# MH Parking - Worcester



## loughrigg (Nov 10, 2008)

Planning to visit Worcester a few days ago, I checked the council website for info on MH parking. As the info given wasn't completely clear, I followed up with a phone call.

Out of fourteen council controlled car parks, only two were said to be free of height barriers. One was a designated as a car/coach/lorry park (Croft Road) with (I was told) bays suitable for larger vehicles. The other (Newport Street) had "standard" (car-sized) bays although it was permitted to park on two bays provided two tickets were purchased.

Newport Street - discounted because of quite restricted access from a busy one-way system (MHs under six metres might be OK). Car park area quite small, so you would have to be early or lucky to find two adjoining spaces.

Croft Road - again quite a small area with over a third segregated behind height barriers. The only larger bays visible were dedicated to coaches - the warden on site confirmed I would get a ticket if I parked in a coach bay.

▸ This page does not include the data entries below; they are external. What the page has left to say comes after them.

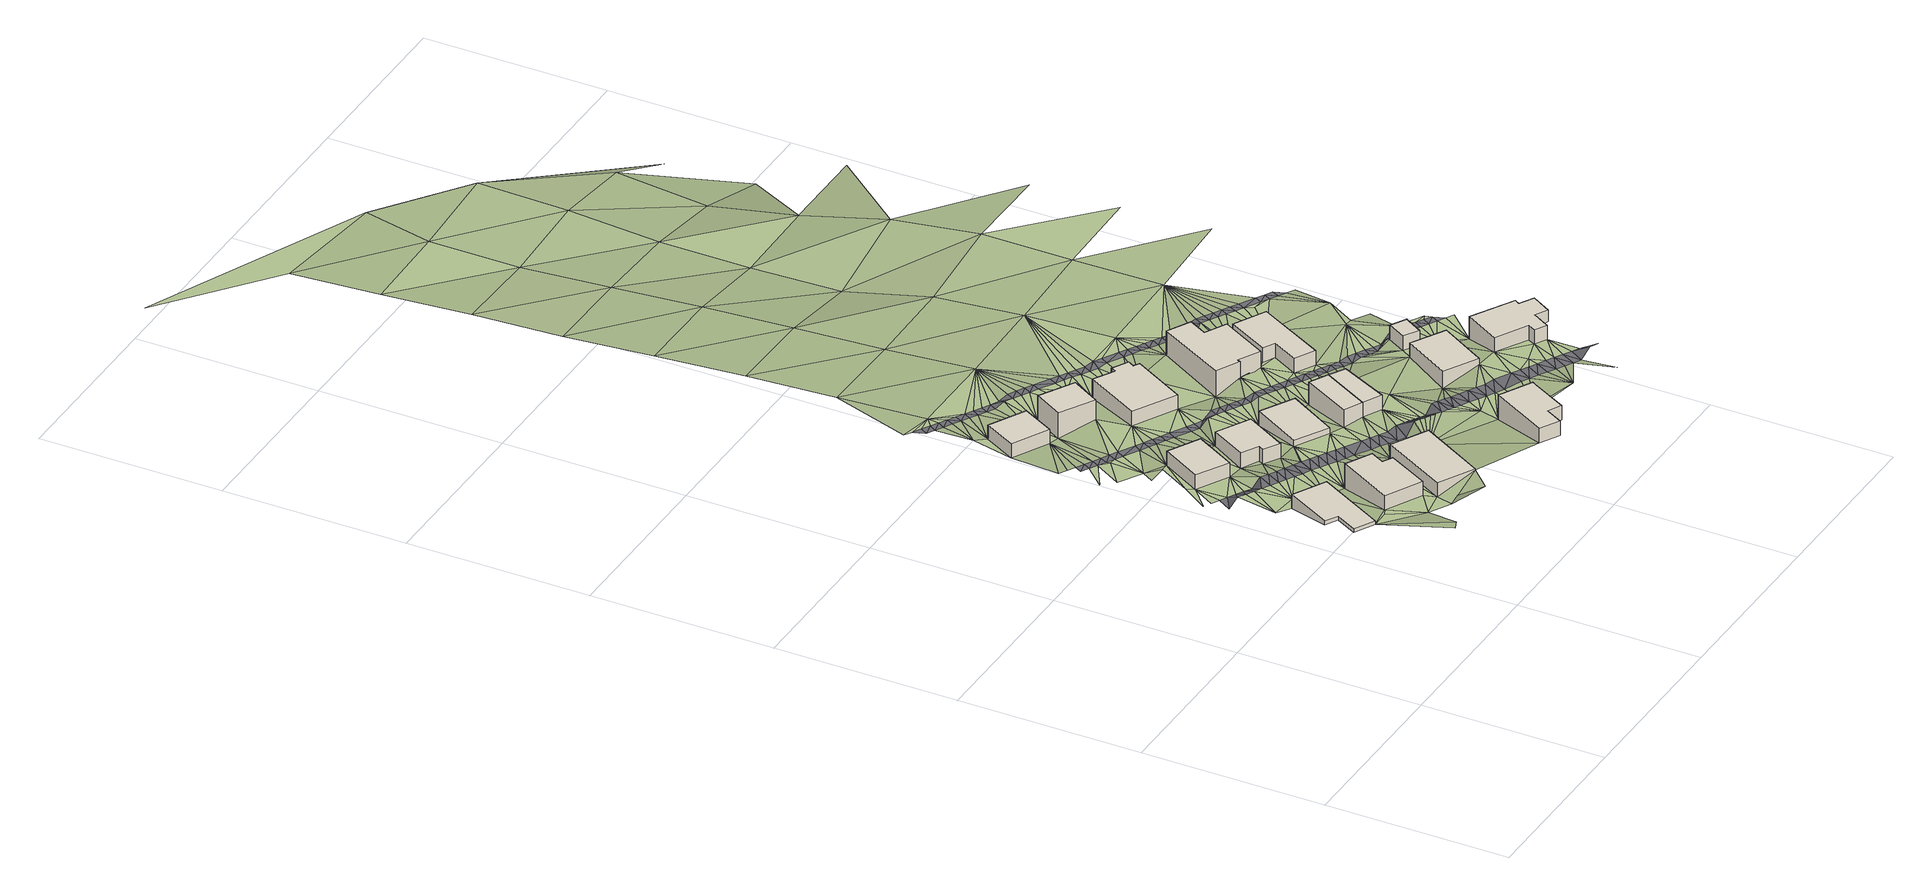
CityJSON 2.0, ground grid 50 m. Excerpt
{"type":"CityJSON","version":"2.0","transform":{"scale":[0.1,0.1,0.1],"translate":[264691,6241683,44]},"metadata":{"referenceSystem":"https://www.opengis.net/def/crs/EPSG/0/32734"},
"CityObjects":{
"building1":{"type":"Building","geometry":[{"type":"MultiSurface","lod":"1","boundaries":[[[0,1,2,3]],[[1,4,5,2]],[[4,6,7,5]],[[6,8,9,7]],[[8,10,11,9]],[[10,0,3,11]],[[3,2,5,7,9,11]]]}]},
"building2":{"type":"Building","geometry":[{"type":"MultiSurface","lod":"1","boundaries":[[[12,13,14,15]],[[13,16,17,14]],[[16,18,19,17]],[[18,20,21,19]],[[20,22,23,21]],[[22,12,15,23]],[[15,14,17,19,21,23]]]}]},
"building3":{"type":"Building","geometry":[{"type":"MultiSurface","lod":"1","boundaries":[[[24,25,26,27]],[[25,28,29,26]],[[28,30,31,29]],[[30,24,27,31]],[[27,26,29,31]]]}]},
"building4":{"type":"Building","geometry":[{"type":"MultiSurface","lod":"1","boundaries":[[[32,33,34,35]],[[33,36,37,34]],[[36,38,39,37]],[[38,32,35,39]],[[35,34,37,39]]]}]},
"building5":{"type":"Building","geometry":[{"type":"MultiSurface","lod":"1","boundaries":[[[40,41,42,43]],[[41,44,45,42]],[[44,46,47,45]],[[46,40,43,47]],[[43,42,45,47]]]}]},
"building6":{"type":"Building","geometry":[{"type":"MultiSurface","lod":"1","boundaries":[[[48,49,50,51]],[[49,52,53,50]],[[52,54,55,53]],[[54,56,57,55]],[[56,58,59,57]],[[58,48,51,59]],[[51,50,53,55,57,59]]]}]},
"building7":{"type":"Building","geometry":[{"type":"MultiSurface","lod":"1","boundaries":[[[60,61,62,63]],[[61,64,65,62]],[[64,66,67,65]],[[66,60,63,67]],[[63,62,65,67]]]}]},
"building8":{"type":"Building","geometry":[{"type":"MultiSurface","lod":"1","boundaries":[[[68,69,70,71]],[[69,72,73,70]],[[72,74,75,73]],[[74,68,71,75]],[[71,70,73,75]]]}]},
"building9":{"type":"Building","geometry":[{"type":"MultiSurface","lod":"1","boundaries":[[[76,77,78,79]],[[77,80,81,78]],[[80,82,83,81]],[[82,84,85,83]],[[84,86,87,85]],[[86,88,89,87]],[[88,76,79,89]],[[79,78,81,83,85,87,89]]]}]},
"building10":{"type":"Building","geometry":[{"type":"MultiSurface","lod":"1","boundaries":[[[90,91,92,93]],[[91,94,95,92]],[[94,96,97,95]],[[96,90,93,97]],[[93,92,95,97]]]}]},
"building11":{"type":"Building","geometry":[{"type":"MultiSurface","lod":"1","boundaries":[[[98,99,100,101]],[[99,102,103,100]],[[102,104,105,103]],[[104,106,107,105]],[[106,108,109,107]],[[108,110,111,109]],[[110,112,113,111]],[[112,98,101,113]],[[101,100,103,105,107,109,111,113]]]}]},
"building12":{"type":"Building","geometry":[{"type":"MultiSurface","lod":"1","boundaries":[[[96,114,115,97]],[[114,116,117,115]],[[116,90,93,117]],[[90,96,97,93]],[[97,115,117,93]]]}]},
"building13":{"type":"Building","geometry":[{"type":"MultiSurface","lod":"1","boundaries":[[[118,119,120,121]],[[119,122,123,120]],[[122,124,125,123]],[[124,126,127,125]],[[126,128,129,127]],[[128,130,131,129]],[[130,132,133,131]],[[132,118,121,133]],[[121,120,123,125,127,129,131,133]]]}]},
"building14":{"type":"Building","geometry":[{"type":"MultiSurface","lod":"1","boundaries":[[[134,135,136,137]],[[135,138,139,136]],[[138,140,141,139]],[[140,134,137,141]],[[137,136,139,141]]]}]},
"building15":{"type":"Building","geometry":[{"type":"MultiSurface","lod":"1","boundaries":[[[142,143,144,145]],[[143,146,147,144]],[[146,148,149,147]],[[148,150,151,149]],[[150,152,153,151]],[[152,142,145,153]],[[145,144,147,149,151,153]]]}]},
"building16":{"type":"Building","geometry":[{"type":"MultiSurface","lod":"1","boundaries":[[[154,155,156,157]],[[155,158,159,156]],[[158,160,161,159]],[[160,154,157,161]],[[157,156,159,161]]]}]},
"building17":{"type":"Building","geometry":[{"type":"MultiSurface","lod":"1","boundaries":[[[162,163,164,165]],[[163,166,167,164]],[[166,168,169,167]],[[168,170,171,169]],[[170,172,173,171]],[[172,174,175,173]],[[174,176,177,175]],[[176,178,179,177]],[[178,180,181,179]],[[180,162,165,181]],[[165,164,167,169,171,173,175,177,179,181]]]}]},
"terrain1":{"type":"TINRelief","geometry":[{"type":"CompositeSurface","lod":"1","boundaries":[[[8,182,183]],[[184,8,183]],[[185,13,8]],[[185,8,184]],[[185,184,13]],[[13,10,8]],[[0,186,187]],[[187,188,189]],[[184,16,13]],[[187,190,188]],[[190,187,186]],[[186,0,10]],[[33,184,191]],[[28,192,193]],[[184,33,16]],[[194,28,195]],[[196,197,191]],[[198,28,193]],[[13,12,10]],[[186,199,190]],[[200,199,186]],[[200,186,201]],[[186,10,202]],[[36,33,191]],[[186,203,201]],[[204,30,198]],[[191,197,36]],[[30,28,198]],[[33,18,16]],[[203,186,202]],[[30,204,205]],[[195,28,25]],[[205,206,30]],[[207,10,12]],[[202,10,208]],[[30,206,209]],[[25,210,195]],[[207,208,10]],[[211,212,213]],[[214,210,215]],[[216,215,217]],[[52,209,218]],[[33,32,18]],[[52,30,209]],[[211,216,217]],[[18,22,20]],[[215,210,25]],[[12,219,207]],[[220,12,22]],[[218,221,56]],[[219,12,222]],[[223,224,46]],[[211,217,225]],[[226,56,221]],[[56,52,218]],[[12,220,222]],[[227,217,215]],[[228,46,224]],[[22,18,32]],[[44,223,46]],[[24,30,52]],[[227,225,217]],[[215,25,229]],[[230,227,215]],[[228,231,46]],[[226,232,58]],[[46,231,233]],[[56,54,52]],[[215,229,230]],[[22,234,220]],[[226,58,56]],[[235,58,232]],[[22,32,236]],[[236,234,22]],[[72,233,237]],[[235,238,64]],[[44,41,239]],[[229,25,240]],[[64,238,241]],[[25,24,242]],[[49,24,52]],[[237,243,72]],[[64,58,235]],[[242,240,25]],[[241,244,64]],[[46,233,72]],[[38,36,82]],[[64,244,245]],[[236,32,246]],[[32,247,246]],[[243,248,74]],[[249,250,239]],[[49,251,24]],[[24,252,242]],[[239,41,253]],[[254,32,38]],[[255,256,257]],[[254,247,32]],[[248,258,112]],[[48,58,64]],[[259,249,239]],[[66,64,245]],[[251,252,24]],[[66,245,260]],[[72,243,74]],[[261,255,257]],[[40,46,72]],[[253,259,239]],[[260,262,66]],[[261,263,255]],[[112,258,264]],[[253,41,265]],[[255,263,266]],[[264,267,112]],[[251,49,268]],[[262,269,66]],[[248,112,74]],[[270,41,40]],[[38,271,254]],[[49,48,272]],[[255,273,256]],[[265,41,270]],[[266,274,255]],[[112,267,275]],[[69,40,72]],[[64,61,48]],[[38,276,271]],[[277,268,49]],[[274,278,255]],[[279,112,275]],[[80,38,82]],[[49,272,280]],[[276,38,281]],[[277,49,280]],[[269,282,94]],[[66,269,94]],[[255,278,283]],[[38,284,281]],[[272,48,61]],[[38,285,284]],[[40,286,270]],[[285,38,287]],[[96,282,288]],[[69,289,40]],[[290,287,38]],[[291,286,40]],[[94,282,96]],[[292,290,38]],[[98,112,279]],[[293,292,38]],[[96,288,294]],[[280,272,295]],[[279,296,98]],[[289,291,40]],[[297,272,61]],[[60,66,94]],[[298,38,80]],[[38,298,293]],[[297,295,272]],[[74,112,110]],[[296,299,98]],[[300,289,69]],[[294,301,114]],[[96,294,114]],[[98,299,302]],[[303,297,61]],[[69,304,300]],[[301,305,114]],[[69,68,306]],[[283,307,255]],[[68,74,110]],[[302,308,98]],[[114,305,309]],[[303,61,310]],[[69,306,304]],[[255,307,273]],[[114,309,311]],[[94,91,60]],[[61,312,310]],[[114,311,313]],[[307,283,314]],[[315,293,298]],[[61,60,316]],[[315,298,317]],[[312,61,316]],[[307,314,318]],[[298,319,317]],[[126,308,320]],[[308,126,98]],[[307,318,321]],[[322,306,68]],[[80,323,298]],[[298,324,319]],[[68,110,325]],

Sitting in the Croft Road car park with nowhere to park, I called the council again. They were unable to tell me where the bays for larger vehicles were, but repeated that Croft Road was the designated car park in Worcester for motorhomes. After a lengthy conversation, ending up with the chap responsible for all car parks and traffic wardens in Worcester, I was finally given special dispensation to park in a coach bay at a flat charge of £5 for the day.

A final risk in Croft Road - around 6:30 pm the car park becomes a lorry park. As there are no lorry bays, the HGVs just park where they can fit. In a small parking area, the presence of a number of randomly parked HGVs makes getting to the exit a bit of a challenge, so remember to park facing the exit!!!

Mike


----------



## Zebedee (Oct 3, 2007)

Hi Mike

I'm surprised you managed to speak to anyone with an IQ bigger than his shoe size!!

We just came back from the Chinese Restaurant in Angel Square (and very good it is too) and had to pay £1.80 for two hours from 7.00 to 9.00 on a Sunday evening, for the car that is!

Stratford on Avon is even worse, but at least if you are willing to walk a little way, you can park the van there - free.

Dave


----------



## loughrigg (Nov 10, 2008)

Zebedee said:


> Hi Mike
> 
> I'm surprised you managed to speak to anyone with an IQ bigger than his shoe size!!
> 
> ...


Hi Dave

We were parked for about seven hours in the end, so the five quid for the coach bay was quite good value - although the long mobile call added a bit to the cost. Two bays for seven hours would have cost a tad more.

Mike


----------



## sirhandel (Mar 5, 2008)

We stayed at the Ketch caravan park (very nice overlooking the river Severn) and caught the bus into Worcester.


----------



## Rainbow-Chasers (Sep 2, 2008)

We weant to peachley farm, lovely spot really quiet and only £12 a night fully serviced!


----------



## Grizzly (May 9, 2005)

See:

http://www.motorhomeparking.co.uk/wor.htm

The P&R seems to be the council-approved spot.

G


----------



## loughrigg (Nov 10, 2008)

Grizzly said:


> See:
> 
> http://www.motorhomeparking.co.uk/wor.htm
> 
> ...


Hi Grizzly

We were expecting to be in Worcester until 7pm - 8pm (up to 10 hours) so would have had to use the long-stay section of the P&R. Unfortunately, that section has a height bar controlled by the operators and the P&R is only staffed until 7 pm.

Mike


----------



## Grizzly (May 9, 2005)

loughrigg said:


> Grizzly said:
> 
> 
> > See:
> ...


They've not really got it sussed have they !

Mike...if you feel like it could you send that information to motorhomeparking.co.uk and ask ( Geoffrey, I think it is) if it could be added to the bit on Worcester. It might save other people pitching up and finding they can't conveniently park there as they thought.

Thanks

G


----------



## worky (Dec 30, 2005)

hi - I live about 10 mins walk from Worcester city centre and if anyone wants info on where to park motorhome for free, yes free, just PM me and I'll give details.


----------



## Taffymac2 (Jan 22, 2019)

*Mr*

Can you please give me details 07477688761 would like permanent parking with water and electric if poss


----------



## raynipper (Aug 4, 2008)

Gosh this thread brought out some oldies. Hi Dave, Griz, 



Ray.


----------



## jiwawa (Jun 22, 2007)

Taffymac2 said:


> Can you please give me details 07477688761 would like permanent parking with water and electric if poss


Unfortunately worky doesn't seem to be on the forum any longer.

Have you tried any of the other suggestions made on the thread? They may or may not be current.

BTW, it's not a good idea to put your mobile number on an open forum.

Oh, and welcome! 
nger


----------